Cédéao : un sommet décisif malgré l’absence des pays de l’AES
Le 69e sommet de la Communauté économique des États de l’Afrique de l’Ouest (Cédéao) s’ouvre aujourd’hui à Freetown, en Sierra Leone, dans un contexte particulièrement tendu. Pour la première fois depuis des années, l’organisation régionale se réunit sans la participation du Niger, du Mali et du Burkina Faso, trois pays désormais regroupés au sein de l’Alliance des États du Sahel (AES). Un vide symbolique qui interroge sur l’avenir même de la Cédéao.
L’AES, un défi majeur pour la Cédéao
Les dirigeants ouest-africains doivent aujourd’hui faire face à une réalité incontournable : comment poursuivre la mission de la Cédéao après le retrait de trois de ses membres fondateurs ? Le Mali, le Niger et le Burkina Faso, autrefois piliers de l’organisation, ont choisi de tracer leur propre voie au sein de l’AES. Pourtant, leur proximité géographique et les défis communs qu’ils partagent — notamment la menace terroriste — rendent toute coopération future essentielle.

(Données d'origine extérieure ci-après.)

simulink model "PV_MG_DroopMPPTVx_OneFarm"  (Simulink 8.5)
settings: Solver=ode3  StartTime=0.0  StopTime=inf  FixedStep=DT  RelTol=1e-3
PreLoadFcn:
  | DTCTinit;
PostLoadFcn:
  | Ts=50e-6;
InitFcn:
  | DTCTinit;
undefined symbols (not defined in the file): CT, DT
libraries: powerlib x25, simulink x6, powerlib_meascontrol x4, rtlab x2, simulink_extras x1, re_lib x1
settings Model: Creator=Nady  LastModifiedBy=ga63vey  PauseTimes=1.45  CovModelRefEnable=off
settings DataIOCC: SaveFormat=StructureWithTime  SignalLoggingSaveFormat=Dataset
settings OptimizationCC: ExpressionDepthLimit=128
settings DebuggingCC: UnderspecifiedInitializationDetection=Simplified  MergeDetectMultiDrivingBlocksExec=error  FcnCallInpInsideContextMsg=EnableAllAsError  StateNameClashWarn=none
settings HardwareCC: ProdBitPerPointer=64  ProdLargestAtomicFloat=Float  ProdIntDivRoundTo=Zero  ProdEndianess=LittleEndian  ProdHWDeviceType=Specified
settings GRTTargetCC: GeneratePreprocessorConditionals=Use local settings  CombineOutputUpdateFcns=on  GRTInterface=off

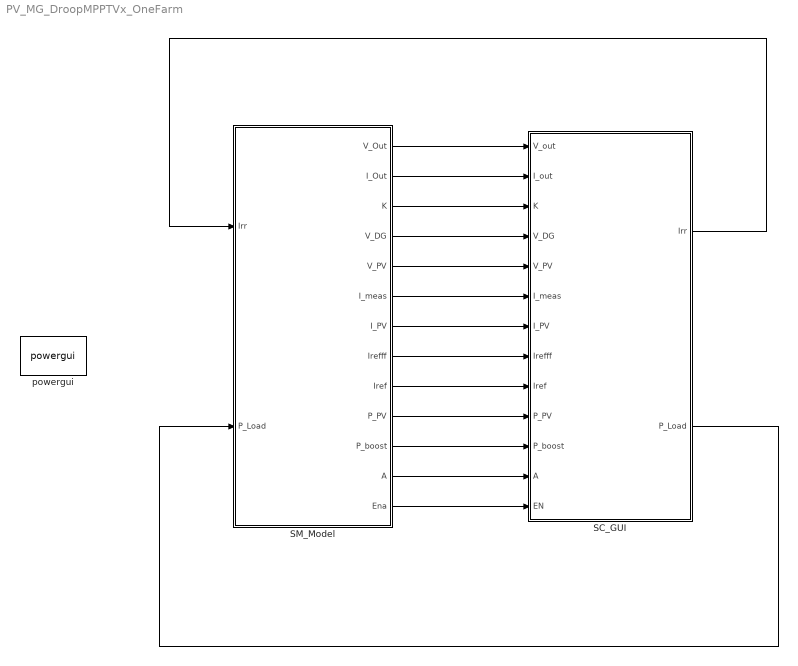
== system PV_MG_DroopMPPTVx_OneFarm ==
  SC_GUI : Subsystem
  SM_Model : Subsystem
  powergui : powerlib/powergui  Priority=1  SimulationMode=Discrete  SolverType=Tustin  SampleTime=DT  frequency=60  SPID=off  DisableSnubberDevices=off  DisableRonSwitches=off  DisableVfSwitches=off  SwTol=0  DisplayEquations=off  Interpol=off  methode=on  Ts=20  FunctionMessages=off  echomessages=off  HookPort=off  EnableUseOfTLC=off  x0status=blocks  frequencyindice=0  Pbase=100e6  ErrMax=1e-4  Iterations=50  UnitsV=kV  UnitsW=MW  buscounter=0  RestoreLinks=warning  ResistiveCurrentMeasurement=off  Frange=[0:2:500]  Ylog=off  Xlog=on  ShowGrid=off  save=off  variable=ZData  structure=0  ZoomFFT=off  StartTime=0.0  cycles=1  DisplayStyle=1  fundamental=60  FreqAxis=off  MaxFrequency=1000  frequencyindicesteady=1  RmsSteady=1  display=off
  wires:
  SC_GUI/1(Irr) -> SM_Model/1(Irr)
  SC_GUI/2(P_Load) -> SM_Model/2(P_Load)
  SM_Model/1(V_Out) -> SC_GUI/1(V_out)
  SM_Model/2(I_Out) -> SC_GUI/2(I_out)
  SM_Model/3(K) -> SC_GUI/3(K)
  SM_Model/4(V_DG) -> SC_GUI/4(V_DG)
  SM_Model/5(V_PV) -> SC_GUI/5(V_PV)
  SM_Model/6(I_meas) -> SC_GUI/6(I_meas)
  SM_Model/7(I_PV) -> SC_GUI/7(I_PV)
  SM_Model/8(Irefff) -> SC_GUI/8(Irefff)
  SM_Model/9(Iref) -> SC_GUI/9(Iref)
  SM_Model/10(P_PV) -> SC_GUI/10(P_PV)
  SM_Model/11(P_boost) -> SC_GUI/11(P_boost)
  SM_Model/12(A) -> SC_GUI/12(A)
  SM_Model/13(Ena) -> SC_GUI/13(EN)

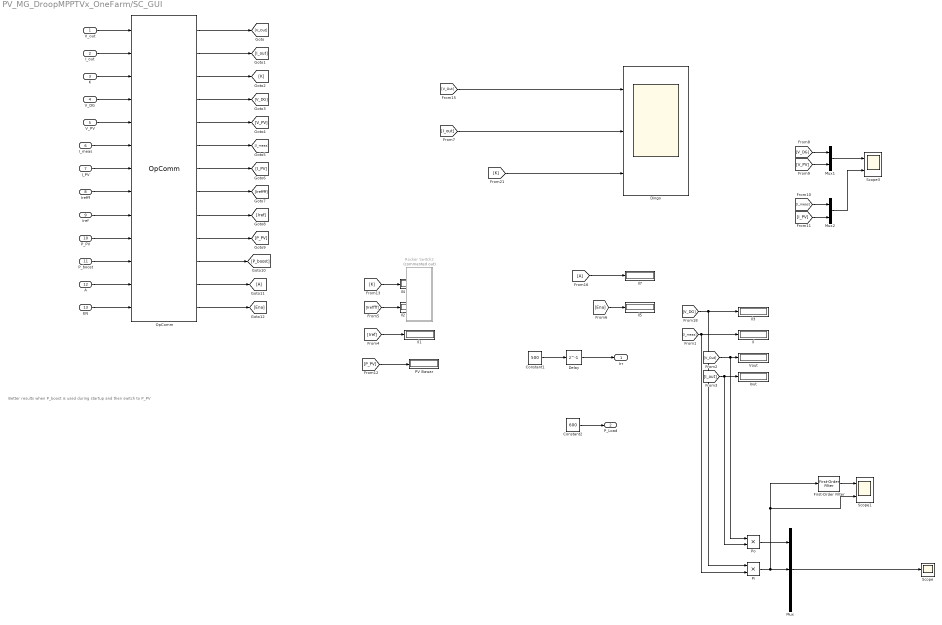
== system PV_MG_DroopMPPTVx_OneFarm/SC_GUI ==
  note: Better results when P_boost is used during startup and then switch to P_PV
  V_out : Inport
  I_out : Inport  Port=2
  K : Inport  Port=3
  V_DG : Inport  Port=4
  V_PV : Inport  Port=5
  I_meas : Inport  Port=6
  I_PV : Inport  Port=7
  Irefff : Inport  Port=8
  Iref : Inport  Port=9
  P_PV : Inport  Port=10
  P_boost : Inport  Port=11
  A : Inport  Port=12
  EN : Inport  Port=13
  Constant1 : Constant  Value=500  SampleTime=0
  Constant2 : Constant  Value=600  SampleTime=0
  Delay : Delay  DelayLength=1  InitialCondition=0
  Dingo : Scope  NumInputPorts=3
      settings: ShowLegends=on  TimeRange=3.8087  YMin=0~0~0  YMax=400~1.2~1.4  MaxDataPoints=10000
  First-Order Filter : powerlib_meascontrol/Filters/First-Order Filter  FilterType=Lowpass  Tc=1/400  Ts=DT  Initialize=off  Vac_Init=[0, 0, 60]  Vdc_Init=0  PlotResponse=off  FreqRange="[0,  200,  1]"
  Il{,1..5,7} (7 alike) : Display
  Iout : Display
  Mux : Mux  Inputs=3
  Mux1 : Mux  Inputs=2
  Mux2 : Mux  Inputs=2
  OpComm : rtlab/OpComm  nbport=13  groupe_acq=1  subsys_rate=0  st=0  Synchronization=on  Interpolation=on  Threshold=1.0  Missed_Data=off  Sim_Time=off  Samples=off  dynSigOut=off  from_console=0  warning_done=off  writeOpCommFile=off  Offset=off
  PV Bawar : Display
  Pi : Product
  Po : Product
  Rocker Switch2 : Subsystem  Commented=on  DialogController=hmiCreateDDGDialog  DialogControllerArgs=DataTag0  mask(MWDashboardBlock){webBlockId=5e99b1b3-df07-4cef-a3f6-0ddfeeb3b4e9, webBlockType=rockerswitch, ShowInLibBrowser=on, ShowInitialText=on, HMISrcModelName=[]}
      mask prompts: webBlockId "WebBlock Id"; webBlockType "WebBlock Type"; HMISrcModelName "Source Model"
      mask Help: helpview([docroot '/mapfiles/simulink.map'], 'hmi_rocker_switch')
      mask Display:
      | if strcmp(get_param(bdroot(gcb),'BlockDiagramType'), 'library')
      |     image([(matlabroot) '/toolbox/simulink/hmi/icons/RockerSwitch.png']);
      | end
  Scope : Scope
      settings: ShowLegends=on  YMin=-107.077  YMax=623.287  MaxDataPoints=10000
  Scope1 : Scope  NumInputPorts=2
      settings: YMin=-102.309~-5  YMax=495.80827~5
  Scope3 : Scope  NumInputPorts=2
      settings: YMin=-2.6975~-3.12322  YMax=24.27751~28.10897  SaveName=ScopeData3
  Vout : Display
  Irr : Outport
  P_Load : Outport  Port=2
  wires:
  [I_meas] -> Pi/2, Il/1
  [V_Out] -> Po/1, Vout/1
  [I_out] -> Po/2, Iout/1
  [V_DG] -> Il3/1, Pi/1
  Po/1 -> Mux/1
  Pi/1 -> First-Order Filter/1, Scope1/2, Mux/2
  [Iref] -> Il1/1
  [Ireffff] -> Il2/1
  [Ena] -> Il5/1
  First-Order Filter/1 -> Scope1/1
  Mux1/1 -> Scope3/1
  [V_DG] -> Mux1/1
  [V_PV] -> Mux1/2
  Mux2/1 -> Scope3/2
  [I_meas] -> Mux2/1
  [I_PV] -> Mux2/2
  [P_PV] -> PV Bawar/1
  [K] -> Il4/1
  Mux/1 -> Scope/1
  [K] -> Dingo/3
  [V_Out] -> Dingo/1
  [I_out] -> Dingo/2
  Constant1/1 -> Delay/1
  [A] -> Il7/1
  Delay/1 -> Irr/1
  V_out/1 -> OpComm/1
  I_out/1 -> OpComm/2
  K/1 -> OpComm/3
  V_DG/1 -> OpComm/4
  V_PV/1 -> OpComm/5
  I_meas/1 -> OpComm/6
  I_PV/1 -> OpComm/7
  Irefff/1 -> OpComm/8
  Iref/1 -> OpComm/9
  P_PV/1 -> OpComm/10
  P_boost/1 -> OpComm/11
  OpComm/1 -> [V_Out]
  OpComm/2 -> [I_out]
  OpComm/3 -> [K]
  OpComm/4 -> [V_DG]
  OpComm/5 -> [V_PV]
  OpComm/6 -> [I_meas]
  OpComm/7 -> [I_PV]
  OpComm/8 -> [Ireffff]
  OpComm/9 -> [Iref]
  OpComm/10 -> [P_PV]
  OpComm/11 -> [P_boost]
  OpComm/12 -> [A]
  OpComm/13 -> [Ena]
  A/1 -> OpComm/12
  EN/1 -> OpComm/13
  Constant2/1 -> P_Load/1

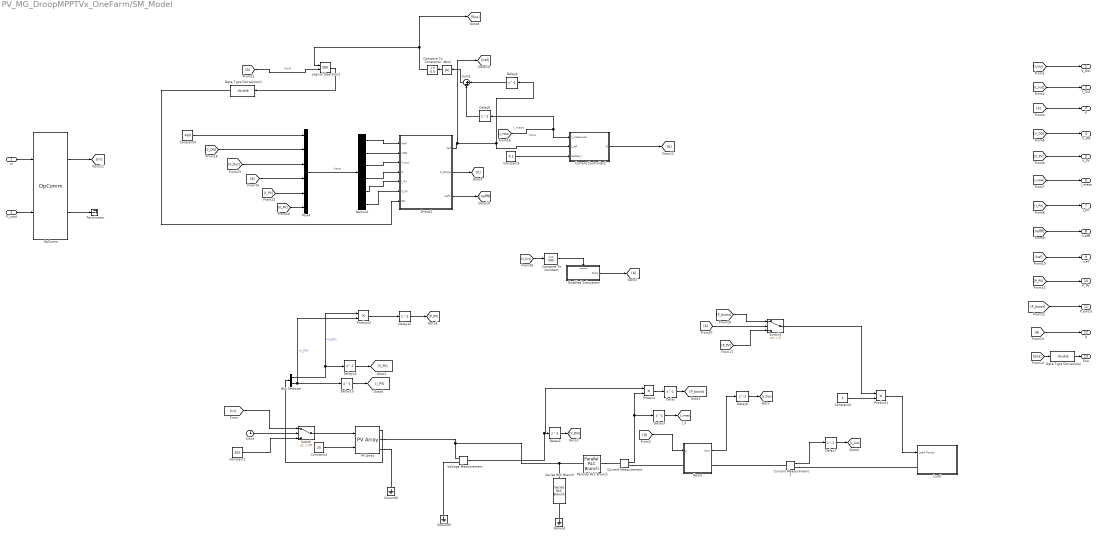
== system PV_MG_DroopMPPTVx_OneFarm/SM_Model ==
  note: here
  note: here
  note: here
  note: I_meas
  Irr : Inport
  P_Load : Inport  Port=2
  Abs2 : Abs
  Boost : Subsystem
  Bus Selector : BusSelector  OutputSignals=V_PV,I_PV
  Clock : Clock
  Compare To Constant : simulink/Logic and Bit Operations/Compare To Constant  relop=>=  const=395  OutDataTypeStr=boolean
  Compare To Constant2 : simulink/Logic and Bit Operations/Compare To Constant  relop=<=  const=0.5  OutDataTypeStr=boolean
  Constant1 : Constant  Value=400  SampleTime=0
  Constant2 : Constant  Value=25
  Constant3 : Constant  SampleTime=0
  Constant4 : Constant  Value=400  SampleTime=DT
  Constant5 : Constant  Value=0.1  SampleTime=CT
  Current Controller2 : Subsystem  TreatAsAtomicUnit=on
  Current Measurement : powerlib/Measurements/Current Measurement  PhasorSimulation=off  OutputType=Complex  PSBequivalent=0
  Current Measurement1 : powerlib/Measurements/Current Measurement  PhasorSimulation=off  OutputType=Complex  PSBequivalent=0
  Data Type Conversion : DataTypeConversion  OutDataTypeStr=double
  Data Type Conversion1 : DataTypeConversion  OutDataTypeStr=double
  Delay{,2..7,12..14} (10 alike) : Delay  DelayLength=1  InitialCondition=0
  Demux1 : Demux  Outputs=6
  Droop2 : Subsystem  TreatAsAtomicUnit=on
  Enabled Subsystem : Subsystem  TreatAsAtomicUnit=on
  Ground : powerlib/Elements/Ground  LConnTagsString=a
  Ground2 : powerlib/Elements/Ground  LConnTagsString=a
  Ground3 : powerlib/Elements/Ground  LConnTagsString=a
  Load : Subsystem
  Logical Operator2 : Logic  Operator=OR  AllPortsSameDT=off  OutDataTypeStr=boolean
  Mux4 : Mux  Inputs=6
  OpComm : rtlab/OpComm  nbport=2  groupe_acq=1  subsys_rate=0  st=0  Synchronization=on  Interpolation=on  Threshold=1.0  Missed_Data=off  Sim_Time=off  Samples=off  dynSigOut=off  from_console=1  warning_done=off  writeOpCommFile=off  Offset=off
  PV Array : re_lib/Solar/PV Array  Npar=5  Nser=1  PlotType=one module @ 25 deg.C & specified irradiances  S_vec="[ 1000  800 ]"  Temp_C_vec=[35]  ModuleName=Sun Earth Solar Power TDB125x125-36-P 80W  PlotWhenSelected=off  Pm=80.004  Ncell=36  Voc=21.9  Isc=5  Vm=17.7  Im=4.52  beta_Voc_pc=-0.32  alpha_Isc_pc=0.04  beta_Voc=-0.07008  alpha_Isc=0.002  IL=5.0238  I0=3.6974e-11  nI=0.92596  Rsh=70.2892  Rs=0.35567  BAL=on  Tc=1e-6  Tfilter=5e-5
  Parallel RLC Branch : powerlib/Elements/Parallel RLC Branch  LConnTagsString=a  RConnTagsString=__new0  BranchType=RL  Resistance=10  Inductance=0.0164  SetiL0=off  InitialCurrent=0  Capacitance=1e-6  Setx0=off  InitialVoltage=0  Measurements=None
  Product : Product
  Product1 : Product
  Product2 : Product
  Series RLC Branch : powerlib/Elements/Series RLC Branch  LConnTagsString=__new0  RConnTagsString=__new0  BranchType=C  Resistance=0.1  Inductance=1e-3  SetiL0=off  InitialCurrent=0  Capacitance=0.1  Setx0=off  InitialVoltage=0  Measurements=None
  Sum2 : Sum  Inputs=|+-
  Switch : Switch  Criteria=u2 > Threshold  Threshold=DT
  Switch1 : Switch  Criteria=u2 > Threshold
  Terminator : Terminator
  Voltage Measurement : powerlib/Measurements/Voltage Measurement  PhasorSimulation=off  OutputType=Complex  PSBequivalent=0
  V_Out : Outport
  I_Out : Outport  Port=2
  K : Outport  Port=3
  V_DG : Outport  Port=4
  V_PV : Outport  Port=5
  I_meas : Outport  Port=6
  I_PV : Outport  Port=7
  Irefff : Outport  Port=8
  Iref : Outport  Port=9
  P_PV : Outport  Port=10
  P_boost : Outport  Port=11
  A : Outport  Port=12
  Ena : Outport  Port=13
  wires:
  Droop2/1(Iref) -> [Iref], Delay4/1, Current Controller2/2(I_ref)
  Constant5/1 -> Current Controller2/3(delata_I)
  Droop2/2(K_droop) -> [K]
  Droop2/3(Iref1) -> [Ireffff]
  Sum2/1 -> Abs2/1
  Abs2/1 -> Compare To Constant2/1
  Delay4/1 -> Sum2/1
  Delay5/1 -> Sum2/2
  Constant4/1 -> Mux4/1
  [V_DG] -> Mux4/2
  [V_Out] -> Mux4/3
  Current Controller2/1(G) -> [G]
  Compare To Constant2/1 -> [Ena], Logical Operator2/1
  Logical Operator2/1 -> Data Type Conversion1/1
  Data Type Conversion1/1 -> Droop2/7(EN)
  Demux1/1 -> Droop2/1(Vref)
  Demux1/2 -> Droop2/2(vDG)
  Demux1/3 -> Droop2/3(V_out)
  Demux1/4 -> Droop2/4(A)
  Demux1/5 -> Droop2/5(I_PV)
  Demux1/6 -> Droop2/6(V_PV)
  [A] -> Mux4/4
  [I_PV] -> Mux4/5
  [V_PV] -> Mux4/6
  Boost/1(Vout) -> Delay6/1
  Voltage Measurement/1 -> Delay2/1, Product/1
  Current Measurement/1 -> Product/2, Delay3/1
  Product1/1 -> Load/1(Load Power)
  Current Measurement1/1 -> Delay7/1
  Product/1 -> Delay/1
  Delay/1 -> [P_boost]
  Delay2/1 -> [V_DG]
  Delay3/1 -> [I_meas]
  Delay6/1 -> [V_Out]
  Delay7/1 -> [I_out]
  Constant2/1 -> PV Array/2
  Bus Selector/1 -> Delay14/1, Product2/1  "<V_PV>"
  Bus Selector/2 -> Delay13/1, Product2/2  "<I_PV>"
  PV Array/1 -> Bus Selector/1
  Product2/1 -> Delay12/1
  Delay12/1 -> [P_PV]
  [G] -> Boost/1(g)
  Delay13/1 -> [I_PV]
  Delay14/1 -> [V_PV]
  [Irr] -> Switch/1
  Switch/1 -> PV Array/1
  Clock/1 -> Switch/2
  Enabled Subsystem/1(Out1) -> [A]
  [V_Out] -> Compare To Constant/1
  Compare To Constant/1 -> Enabled Subsystem/Enable
  Irr/1 -> OpComm/1
  P_Load/1 -> OpComm/2
  OpComm/1 -> [Irr]
  OpComm/2 -> Terminator/1
  [V_Out] -> V_Out/1
  [I_out] -> I_Out/1
  [K] -> K/1
  [V_DG] -> V_DG/1
  [V_PV] -> V_PV/1
  [I_meas] -> I_meas/1
  [I_PV] -> I_PV/1
  [Ireffff] -> Irefff/1
  [Iref] -> Iref/1
  [P_PV] -> P_PV/1
  [A] -> A/1
  [P_boost] -> P_boost/1
  [Ena] -> Data Type Conversion/1
  Data Type Conversion/1 -> Ena/1
  Constant1/1 -> Switch/3
  Mux4/1 -> Demux1/1
  [A] -> Logical Operator2/2
  [I_meas] -> Current Controller2/1(I_measured), Delay5/1
  [P_boost] -> Switch1/1
  [P_PV] -> Switch1/3
  Switch1/1 -> Product1/1
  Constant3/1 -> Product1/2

Sécurité et libre circulation : des priorités à réinventer
Les enjeux sont multiples. D’une part, il s’agit de préserver les échanges commerciaux et la libre circulation des populations, deux principes fondamentaux de la Cédéao. D’autre part, la question de la sécurité régionale reste plus que jamais une priorité, alors que les groupes armés prolifèrent aux frontières des pays membres. Aliou Diakite, spécialiste des questions ouest-africaines, souligne l’urgence d’une réflexion approfondie : « Les chefs d’État doivent discuter de l’avenir de la Cédéao face à la criminalité organisée, aux changements politiques, au changement climatique et aux épidémies. Ces défis interpellent directement les gouvernements pour définir les contours de l’organisation dans les années à venir. »
La force en attente de la Cédéao : un projet toujours en suspens
Parmi les sujets récurrents des sommets de la Cédéao figure la mise en place de la Force en attente, un dispositif régional censé répondre rapidement aux crises sécuritaires. Pourtant, malgré les annonces répétées, cette force n’a toujours pas été déployée pleinement. Les réunions préparatoires organisées cette semaine à Freetown visent justement à accélérer sa concrétisation.
Michel Ange Bangoura, responsable de la coopération avec la Cédéao, confirme l’urgence : « Sur le plan institutionnel, tout est prêt. Il manque désormais les moyens humains et financiers. Chaque pays doit contribuer au moins d’une compagnie, et un état-major doit être désigné. » Interrogé sur une date de déploiement, il ajoute : « Les discussions actuelles pourraient aboutir à un déploiement dans les prochains mois. L’identification d’un pays hôte est en cours. »
Réformes et crédibilité : l’autre défi de la Cédéao
Au-delà des questions sécuritaires, le sommet devra également aborder les réformes institutionnelles nécessaires pour restaurer la crédibilité de la Cédéao. Plusieurs années de crises politiques et de coups d’État dans la région ont ébranlé la confiance des populations envers l’organisation. Les dirigeants devront donc proposer des solutions concrètes pour renforcer la légitimité de la Cédéao et répondre aux attentes des citoyens ouest-africains.